* TASK STATEMENT: Using the entries below, output exactly the line containing "line L3 (-18.5801, 40.8432)" and all lines that follow it to the end.

* DATASET RECORDS:
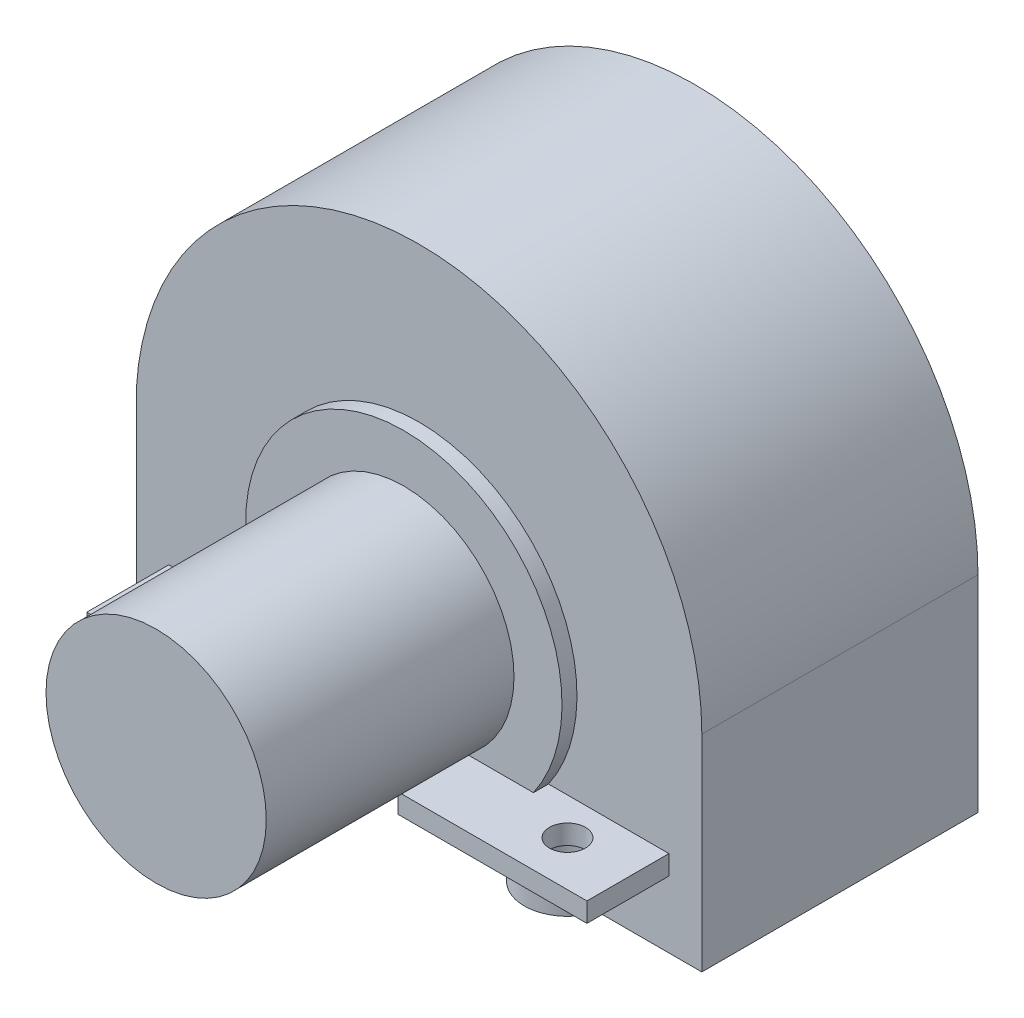
SolidWorks part; units mm, degrees
ref_plane "Front Plane" through (0, 0, 0) normal (0, 0, 1) x (1, 0, 0)
ref_plane "Top Plane" through (0, 0, 0) normal (0, 1, 0) x (1, 0, 0)
ref_plane "Right Plane" through (0, 0, 0) normal (1, 0, 0) x (0, 0, -1)
sketch "Sketch1" plane through (0, 0, 0) normal (0, 0, 1) x (1, 0, 0)
  line L1 (-36.8438, 2.145) -> (36.9062, 2.145)
  line L2 (-36.8438, 2.145) -> (-36.8438, -26.8618)
  line L3 (-36.8438, -26.8618) -> (36.9062, -26.8618)
  line L4 (36.9062, 2.145) -> (36.9062, -26.8618)
  circle A0 centre (0, 0) radius 36.9062
  dimension "D1" = 73.8124
  dimension "D2" = 29.0068
extrude "Boss-Extrude1" add sketch "Sketch1" along normal blind 36.0172 contours L1 A0 | L2 A0 L3 L1 | A0 L3 L4 | A0 L2 L3
sketch "Sketch6" plane through (0, 0, 0) normal (0, 0, -1) x (-1, 0, 0)
  line L0 (-21.1626, -26.8618) -> (21.1626, -26.8618)
  line L1 (0, -3.81) -> (0, 0) construction
  line L2 (36.8438, -26.8618) -> (-36.9062, -26.8618) construction
  circle A0 centre (0, -3.81) radius 31.2928
  line M4 (-36.9062, -26.8618) -> (36.8438, -26.8618)
  dimension "D2" = 62.5856
  dimension "D1" = 3.81
sketch "Sketch7" plane through (0, 0, 36.0172) normal (0, 0, 1) x (1, 0, 0)
  line L0 (0, 0) -> (0, -3.81) construction
  circle A0 centre (0, -3.81) radius 31.2928
  dimension "D2" = 62.5856
  dimension "D1" = 3.81
extrude "Boss-Extrude4" add sketch "Sketch7" against normal blind 36.0172
extrude "Cut-Extrude2" cut sketch "Sketch6" against normal blind 6.35 contours A0 M4
sketch "Sketch9" plane through (0, 0, 36.0172) normal (0, 0, 1) x (1, 0, 0)
  line L0 (-21.1626, -26.8618) -> (21.1626, -26.8618)
  line L1 (0, 0) -> (0, -3.81) construction
  circle A0 centre (0, -3.81) radius 31.2928
  arc M3 (-21.1626, -26.8618) -> (21.1626, -26.8618) centre (0, -3.81) ccw
  dimension "D2" = 62.5856
  dimension "D1" = 3.81
extrude "Cut-Extrude3" cut sketch "Sketch9" against normal blind 10.795 contours L0 M3
sketch "Sketch10" plane through (0, 0, 0) normal (0, 0, -1) x (-1, 0, 0)
  line L0 (0, 0) -> (0, -3.81) construction
  circle A0 centre (0, -3.81) radius 2.8067
  dimension "D2" = 5.6134
  dimension "D1" = 3.81
extrude "Boss-Extrude5" add sketch "Sketch10" along normal blind 5.4864
sketch "Sketch11" plane through (0, 0, 36.0172) normal (0, 0, 1) x (1, 0, 0)
  line L0 (0, 0) -> (0, -3.81) construction
  circle A0 centre (0, -3.81) radius 20.6248
  dimension "D2" = 41.2496
  dimension "D1" = 3.81
extrude "Boss-Extrude6" add sketch "Sketch11" along normal blind 1.9558
sketch "Sketch12" plane through (0, 0, 37.973) normal (0, 0, 1) x (1, 0, 0)
  circle A0 centre (0, -3.81) radius 14.3637
  dimension "D1" = 28.7274
extrude "Boss-Extrude7" add sketch "Sketch12" along normal blind 32.3088
sketch "Sketch13" plane through (0, 0, 36.0172) normal (0, 0, 1) x (1, 0, 0)
  line L0 (0, -18.1737) -> (32.6136, -18.1737) construction
  line L1 (0, -18.1737) -> (-32.6136, -18.1737) construction
  line L3 (32.6136, -18.1737) -> (7.9756, -18.1737)
  line L4 (32.6136, -18.1737) -> (32.6136, -15.6337)
  line L5 (32.6136, -15.6337) -> (7.9756, -15.6337)
  line L6 (7.9756, -18.1737) -> (7.9756, -15.6337)
  line L7 (-32.6136, -18.1737) -> (-7.9756, -18.1737)
  line L8 (-32.6136, -18.1737) -> (-32.6136, -15.6337)
  line L9 (-32.6136, -15.6337) -> (-7.9756, -15.6337)
  line L10 (-7.9756, -18.1737) -> (-7.9756, -15.6337)
  circle A0 centre (0, -3.81) radius 14.3637
  circle M5 centre (0, -3.81) radius 20.6248
  dimension "D1" = 28.7274
  dimension "D2" = 32.6136
  dimension "D3" = 32.6136
  dimension "D4" = 24.638
  dimension "D5" = 24.638
  dimension "D6" = 2.54
  dimension "D7" = 2.54
extrude "Boss-Extrude9" add sketch "Sketch13" along normal blind 10.6934 contours L9 L8 L7 M5 | A0 L9 L7 L10 M5 | A0 L6 L3 L5 M5 | L4 L5 L3 M5
sketch "Sketch14" plane through (0, -15.6337, 0) normal (0, 1, 0) x (1, 0, 0)
  line L0 (-32.6136, -40.8432) -> (-24.2062, -40.8432) construction
  line L2 (-32.6136, -46.7106) -> (-32.6136, -36.0172) construction
  line L4 (-24.2062, -40.8432) -> (-24.2062, -46.7106) construction
  line L5 (-32.6136, -46.7106) -> (-8.1557, -46.7106) construction
  line L7 (32.6136, -40.8432) -> (24.2062, -40.8432) construction
  line L8 (32.6136, -46.7106) -> (32.6136, -36.0172) construction
  line L9 (24.2062, -40.8432) -> (24.2062, -46.7106) construction
  line L10 (32.6136, -46.7106) -> (8.1557, -46.7106) construction
  circle A0 centre (-24.2062, -40.8432) radius 2.3495
  circle A1 centre (24.2062, -40.8432) radius 2.3495
  dimension "D5" = 4.699
  dimension "D6" = 4.699
  dimension "D1" = 8.4074
  dimension "D2" = 5.8674
  dimension "D3" = 8.4074
  dimension "D4" = 5.8674
extrude "Cut-Extrude4" cut sketch "Sketch14" against normal up to surface (2.54 mm away) up to face at (18.4634, -18.1737, 40.2336)
sketch "Sketch15" plane through (0, 0, 0) normal (0, 0, -1) x (-1, 0, 0)
  line L0 (0, -3.81) -> (0, -15.748) construction
  line L1 (0, -15.748) -> (7.366, -15.748) construction
  line L3 (7.366, -15.748) -> (-19.685, -15.748)
  line L4 (7.366, -15.748) -> (7.366, -18.288)
  line L5 (7.366, -18.288) -> (-19.685, -18.288)
  line L6 (-19.685, -15.748) -> (-19.685, -18.288)
  dimension "D1" = 11.938
  dimension "D2" = 7.366
  dimension "D3" = 27.051
  dimension "D4" = 2.54
extrude "Boss-Extrude10" add sketch "Sketch15" along normal blind 11.3538
sketch "Sketch16" plane through (0, -15.748, 0) normal (0, 1, 0) x (1, 0, 0)
  line L0 (5.6985, 11.3538) -> (5.6985, 4.699) construction
  line L1 (-7.366, 11.3538) -> (19.685, 11.3538) construction
  circle A0 centre (5.6985, 4.699) radius 2.3495
  dimension "D2" = 4.699
  dimension "D1" = 6.6548
extrude "Cut-Extrude5" cut sketch "Sketch16" against normal up to surface (2.54 mm away) up to face at (6.1595, -18.288, -5.6769)
sketch "Sketch17" plane through (0, -18.288, 0) normal (0, -1, 0) x (1, 0, 0)
  line L0 (0.0724, -4.699) -> (0, 0)
  line L1 (11.3246, -4.699) -> (11.3246, 0)
  line L2 (19.685, 0) -> (-7.366, 0) construction
  line L3 (11.3246, 0) -> (0, 0)
  arc A0 (0.0724, -4.699) -> (11.3246, -4.699) centre (5.6985, -4.699) ccw
  circle A1 centre (5.6985, -4.699) radius 3.7846
  dimension "D1" = 11.2522
  dimension "D2" = 7.5692
extrude "Boss-Extrude11" add sketch "Sketch17" along normal blind 2.3622
sketch "Sketch18" plane through (0, -18.1737, 0) normal (0, -1, 0) x (1, 0, 0)
  line L0 (-29.8323, 40.8432) -> (-29.8323, 36.0172)
  line L2 (-32.6136, 36.0172) -> (-14.8009, 36.0172) construction
  line L3 (-18.5801, 40.8432) -> (-18.5801, 36.0172)
  line L4 (29.8323, 40.8432) -> (29.8323, 36.0172)
  line L5 (32.6136, 36.0172) -> (14.8009, 36.0172) construction
  line L6 (18.5801, 40.8432) -> (18.5801, 36.0172)
  line L7 (-29.8323, 36.0172) -> (-18.5801, 36.0172)
  arc A0 (29.8323, 40.8432) -> (18.5801, 40.8432) centre (24.2062, 40.8432) ccw
  circle A1 centre (24.2062, 40.8432) radius 3.7846
  circle A2 centre (-24.2062, 40.8432) radius 3.7846
  arc A3 (-18.5801, 40.8432) -> (-29.8323, 40.8432) centre (-24.2062, 40.8432) ccw
  line M5 (14.8009, 36.0172) -> (32.6136, 36.0172)
  dimension "D1" = 11.2522
  dimension "D2" = 7.5692
  dimension "D3" = 7.5692
  dimension "D4" = 11.2522
extrude "Boss-Extrude13" add sketch "Sketch18" along normal blind 2.3622 contours L3 A3 L0 L7 A2 | L4 A0 L6 A1 M5

* ANSWER TO THIS TASK:
  line L3 (-18.5801, 40.8432) -> (-18.5801, 36.0172)
  line L4 (29.8323, 40.8432) -> (29.8323, 36.0172)
  line L5 (32.6136, 36.0172) -> (14.8009, 36.0172) construction
  line L6 (18.5801, 40.8432) -> (18.5801, 36.0172)
  line L7 (-29.8323, 36.0172) -> (-18.5801, 36.0172)
  arc A0 (29.8323, 40.8432) -> (18.5801, 40.8432) centre (24.2062, 40.8432) ccw
  circle A1 centre (24.2062, 40.8432) radius 3.7846
  circle A2 centre (-24.2062, 40.8432) radius 3.7846
  arc A3 (-18.5801, 40.8432) -> (-29.8323, 40.8432) centre (-24.2062, 40.8432) ccw
  line M5 (14.8009, 36.0172) -> (32.6136, 36.0172)
  dimension "D1" = 11.2522
  dimension "D2" = 7.5692
  dimension "D3" = 7.5692
  dimension "D4" = 11.2522
extrude "Boss-Extrude13" add sketch "Sketch18" along normal blind 2.3622 contours L3 A3 L0 L7 A2 | L4 A0 L6 A1 M5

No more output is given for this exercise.